• TASK TO CARRY OUT
Below are the records; collect from them each line containing the string "System".

[Items from a dataset]
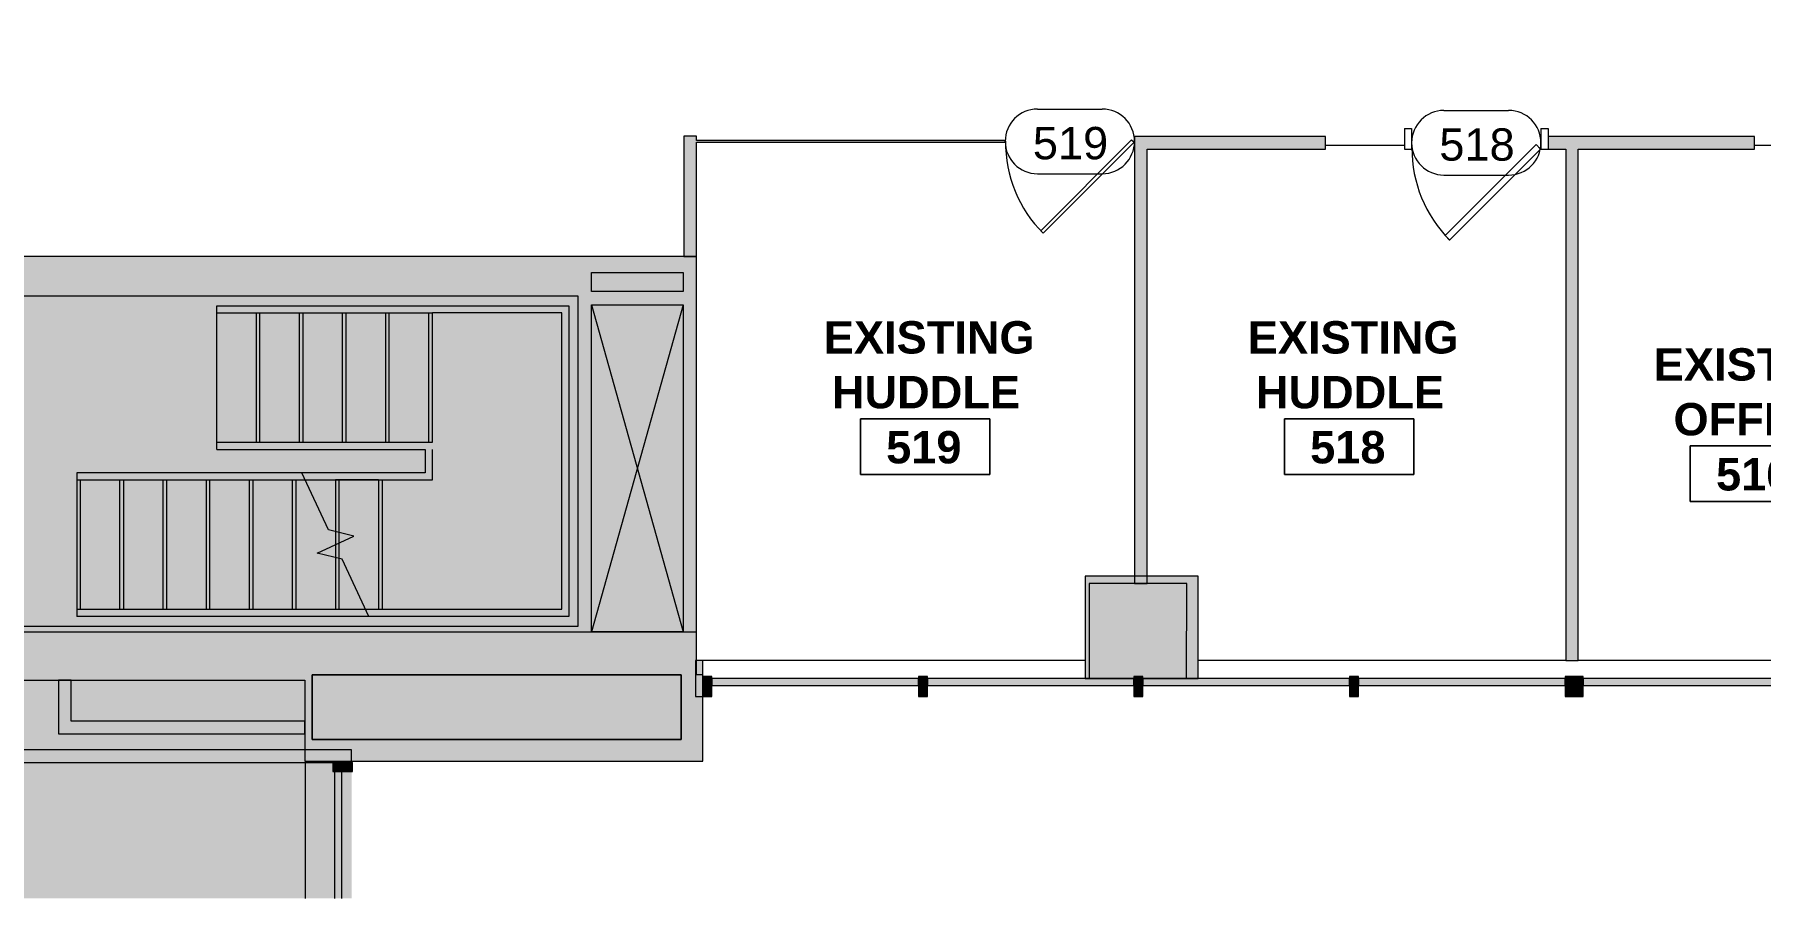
# Model space of a CAD drawing. Header units: inches. Extents: x 381 to 2249, y -1781 to -36.
# Drawn here: x 1144.2 to 1624.6, y -1781.1 to -1540.7 of the extents above; entities that cross this region are included whole.
import ezdxf

# ---------------------------------------------------------------- set-up
doc = ezdxf.new("R2010")
doc.units = ezdxf.units.IN
doc.header["$MEASUREMENT"] = 0
for name, color, linetype, lineweight in [('A-AREA-IDEN', 2, 'Continuous', 9), ('A-COLS', 52, 'Continuous', 13), ('A-DETL', 90, 'Continuous', 9), ('A-DETL-GENF', 92, 'Continuous', 9), ('A-DETL-THIN', 151, 'Continuous', 9), ('A-DOOR', 31, 'Continuous', 13), ('A-DOOR-FRAM', 31, 'Continuous', 20), ('A-DOOR-IDEN', 31, 'Continuous', 9), ('A-GLAZ', 151, 'Continuous', 13), ('A-GLAZ-CURT', 52, 'Continuous', 13), ('A-GLAZ-CWMG', 51, 'Continuous', 13), ('A-WALL', 113, 'Continuous', 13), ('A-WALL-PATT', 111, 'Continuous', 13), ('I-WALL', 2, 'Continuous', 13)]:
    doc.layers.add(name, color=color, linetype=linetype, lineweight=lineweight)
doc.styles.add('Swis721 Lt BT', font='swissl.ttf', dxfattribs={"height": 9})
doc.styles.add('Swis721 Lt BT_B', font='', dxfattribs={"height": 9})
doc.styles.get('Swis721 Lt BT_B').set_extended_font_data('Swis721 Lt BT', bold=True)

# ---------------------------------------------------------------- blocks, each defined once
blk = doc.blocks.new('System Panel - Glazed 2-5030408-Level 5 CONSTRUCTION')
at = {"layer": 'A-GLAZ-CURT', "lineweight": 9}
blk.add_hatch(color=7, dxfattribs=at).paths.add_polyline_path([(-9.26, 0.25), (26.13, 0.25), (26.13, 2.25), (-9.26, 2.25), (-9.26, 1.49)], flags=0)
at = {"layer": 'A-GLAZ-CURT', "color": 8, "lineweight": 20}
for p, q in [((26.13, 2.25), (-9.26, 2.25)), ((-9.26, 0.25), (26.13, 0.25)), ((26.13, 0.25), (26.13, 2.25))]:
    blk.add_line(p, q, dxfattribs=at)
blk = doc.blocks.new('Rectangular Mullion - 2_5_ x 5_ rectangular-5019916-Level 5 CONSTRUCTION')
at = {"layer": 'A-GLAZ-CWMG', "lineweight": 9}
blk.add_hatch(color=7, dxfattribs=at).paths.add_polyline_path([(-2.5, -2.25), (-2.5, 2.75), (0, 2.75), (0, -2.75), (-2.5, -2.75)], flags=0)
at = {"layer": 'A-GLAZ-CWMG', "color": 8, "lineweight": 20}
for p, q in [((-2.5, 2.75), (0, 2.75)), ((-2.5, -2.75), (-2.5, 2.75)), ((0, 2.75), (0, -2.75)), ((0, -2.75), (-2.5, -2.75))]:
    blk.add_line(p, q, dxfattribs=at)
blk = doc.blocks.new('Walls 10 - Walls 10-5024447-Level 5 CONSTRUCTION')
at = {"layer": 'A-WALL', "lineweight": 9}
h = blk.add_hatch(color=7, dxfattribs=at)
h.paths.add_polyline_path([(1221.48, -1742.89), (1330.2, -1742.89), (1330.2, -1718.89), (1328.48, -1718.89), (1328.45, -1602.45), (1123.26, -1602.45), (1123.26, -1606.95), (1125.46, -1606.95), (1125.46, -1613.45), (1295.45, -1613.45), (1295.45, -1705.42), (1062.64, -1705.42), (1062.64, -1635.39), (1073.89, -1635.39), (1073.89, -1606.95), (1084.26, -1606.95), (1084.26, -1602.45), (1058.89, -1602.45), (1058.89, -1705.1), (1061.22, -1707.43), (1058.89, -1709.76), (1058.89, -1720.42), (1219.48, -1720.42), (1219.5, -1739.77), (1220.52, -1739.77), (1219.5, -1742.89)], flags=0)
h.paths.add_polyline_path([(1324.2, -1736.89), (1221.48, -1736.89), (1221.48, -1718.89), (1324.2, -1718.89)], flags=0)
h.paths.add_polyline_path([(1324.2, -1706.92), (1299.2, -1706.92), (1299.2, -1615.95), (1324.73, -1615.95), (1324.73, -1706.92)], flags=0)
h.paths.add_polyline_path([(1070.14, -1631.64), (1062.64, -1631.64), (1062.64, -1606.95), (1070.14, -1606.95), (1070.14, -1615.95)], flags=0)
h.paths.add_polyline_path([(1324.73, -1612.2), (1299.2, -1612.2), (1299.2, -1606.95), (1324.73, -1606.95)], flags=0)
at = {"layer": 'A-WALL', "color": 8, "lineweight": 20}
for p, q in [((1058.89, -1602.45), (1058.89, -1720.42)), ((1084.26, -1602.45), (1058.89, -1602.45)), ((1084.26, -1606.95), (1084.26, -1602.45)), ((1125.08, -1602.45), (1123.26, -1602.45)), ((1123.26, -1602.45), (1123.26, -1606.95)), ((1328.48, -1602.45), (1125.08, -1602.45)), ((1328.48, -1718.89), (1328.48, -1602.45)), ((1062.64, -1631.64), (1062.64, -1606.95)), ((1062.64, -1606.95), (1070.14, -1606.95)), ((1070.14, -1606.95), (1070.14, -1631.64)), ((1073.89, -1635.39), (1073.89, -1606.95)), ((1073.89, -1606.95), (1084.26, -1606.95)), ((1123.26, -1606.95), (1125.46, -1606.95)), ((1125.46, -1606.95), (1125.46, -1613.45)), ((1299.2, -1612.2), (1299.2, -1606.95)), ((1299.2, -1606.95), (1324.73, -1606.95)), ((1324.73, -1606.95), (1324.73, -1612.2)), ((1125.46, -1613.45), (1295.45, -1613.45)), ((1295.45, -1613.45), (1295.45, -1705.42)), ((1324.73, -1612.2), (1299.2, -1612.2)), ((1299.2, -1706.92), (1299.2, -1615.95)), ((1299.2, -1615.95), (1324.73, -1615.95)), ((1324.73, -1615.95), (1324.73, -1706.92)), ((1070.14, -1631.64), (1062.64, -1631.64)), ((1062.64, -1705.42), (1062.64, -1635.39)), ((1062.64, -1635.39), (1073.89, -1635.39)), ((1295.45, -1705.42), (1062.64, -1705.42)), ((1324.73, -1706.92), (1299.2, -1706.92)), ((1221.48, -1736.89), (1221.48, -1718.89)), ((1221.48, -1718.89), (1324.2, -1718.89)), ((1324.2, -1718.89), (1324.2, -1736.89)), ((1330.2, -1718.89), (1328.48, -1718.89)), ((1330.2, -1742.89), (1330.2, -1718.89)), ((1058.89, -1720.42), (1062.64, -1720.42)), ((1062.64, -1720.42), (1219.48, -1720.42)), ((1219.48, -1720.42), (1219.48, -1742.89)), ((1324.2, -1736.89), (1221.48, -1736.89)), ((1219.48, -1742.89), (1330.2, -1742.89))]:
    blk.add_line(p, q, dxfattribs=at)
at = {"layer": 'A-WALL', "lineweight": 9}
for p, q in [((1084.26, -1602.45), (1123.26, -1602.45)), ((1123.26, -1606.95), (1084.26, -1606.95))]:
    blk.add_line(p, q, dxfattribs=at)
blk = doc.blocks.new('System Panel - Glazed 2-5104149-Level 5 CONSTRUCTION')
at = {"layer": 'A-GLAZ-CURT', "lineweight": 9}
blk.add_hatch(color=7, dxfattribs=at).paths.add_polyline_path([(28.75, 0.25), (28.75, 2.25), (-28.75, 2.25), (-28.75, 0.25), (-14.52, 0.25)], flags=0)
at = {"layer": 'A-GLAZ-CURT', "color": 8, "lineweight": 20}
for p, q in [((28.75, 2.25), (-28.75, 2.25)), ((-28.75, 2.25), (-28.75, 0.25)), ((-28.75, 0.25), (28.75, 0.25)), ((28.75, 0.25), (28.75, 2.25))]:
    blk.add_line(p, q, dxfattribs=at)
blk = doc.blocks.new('Rectangular Mullion - 2_5_ x 5_ rectangular-5104493-Level 5 CONSTRUCTION')
at = {"layer": 'A-GLAZ-CWMG', "lineweight": 9}
blk.add_hatch(color=7, dxfattribs=at).paths.add_polyline_path([(-2.5, 2.75), (0, 2.75), (0, -2.75), (-2.5, -2.75), (-2.5, -2.25)], flags=0)
at = {"layer": 'A-GLAZ-CWMG', "color": 8, "lineweight": 20}
for p, q in [((-2.5, 2.75), (0, 2.75)), ((-2.5, -2.75), (-2.5, 2.75)), ((0, 2.75), (0, -2.75)), ((0, -2.75), (-2.5, -2.75))]:
    blk.add_line(p, q, dxfattribs=at)
blk = doc.blocks.new('Rectangular Mullion - 2_5_ x 5_ rectangular-5103979-Level 5 CONSTRUCTION')
at = {"layer": 'A-GLAZ-CWMG', "lineweight": 9}
blk.add_hatch(color=7, dxfattribs=at).paths.add_polyline_path([(-2.5, 2.75), (-2.5, -2.75), (0, -2.75), (0, 2.75)], flags=0)
at = {"layer": 'A-GLAZ-CWMG', "color": 8, "lineweight": 20}
for p, q in [((0, 2.75), (-2.5, 2.75)), ((-2.5, 2.75), (-2.5, -2.75)), ((0, -2.75), (0, 2.75)), ((-2.5, -2.75), (0, -2.75))]:
    blk.add_line(p, q, dxfattribs=at)
blk = doc.blocks.new('System Panel - Glazed 2-5105823-Level 5 CONSTRUCTION')
at = {"layer": 'A-GLAZ-CURT', "lineweight": 9}
blk.add_hatch(color=7, dxfattribs=at).paths.add_polyline_path([(-28.75, 0.25), (28.75, 0.25), (28.75, 2.25), (-28.75, 2.25)], flags=0)
at = {"layer": 'A-GLAZ-CURT', "color": 8, "lineweight": 20}
for p, q in [((28.75, 2.25), (-28.75, 2.25)), ((-28.75, 2.25), (-28.75, 0.25)), ((-28.75, 0.25), (28.75, 0.25)), ((28.75, 0.25), (28.75, 2.25))]:
    blk.add_line(p, q, dxfattribs=at)
blk = doc.blocks.new('System Panel - Glazed 2-5232122-Level 5 CONSTRUCTION')
at = {"layer": 'A-GLAZ-CURT', "lineweight": 9}
blk.add_hatch(color=7, dxfattribs=at).paths.add_polyline_path([(27.5, 0.25), (27.5, 2.25), (-27.5, 2.25), (-27.5, 0.25), (-15.24, 0.25)], flags=0)
at = {"layer": 'A-GLAZ-CURT', "color": 8, "lineweight": 20}
for p, q in [((27.5, 2.25), (-27.5, 2.25)), ((-27.5, 2.25), (-27.5, 0.25)), ((-27.5, 0.25), (27.5, 0.25)), ((27.5, 0.25), (27.5, 2.25))]:
    blk.add_line(p, q, dxfattribs=at)
blk = doc.blocks.new('Columns 17 - Columns 4-5094720-Level 5 CONSTRUCTION')
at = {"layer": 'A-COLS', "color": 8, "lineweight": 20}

• ANSWER SPACE
blk = doc.blocks.new('System Panel - Glazed 2-5030408-Level 5 CONSTRUCTION')
blk = doc.blocks.new('System Panel - Glazed 2-5104149-Level 5 CONSTRUCTION')
blk = doc.blocks.new('System Panel - Glazed 2-5105823-Level 5 CONSTRUCTION')
blk = doc.blocks.new('System Panel - Glazed 2-5232122-Level 5 CONSTRUCTION')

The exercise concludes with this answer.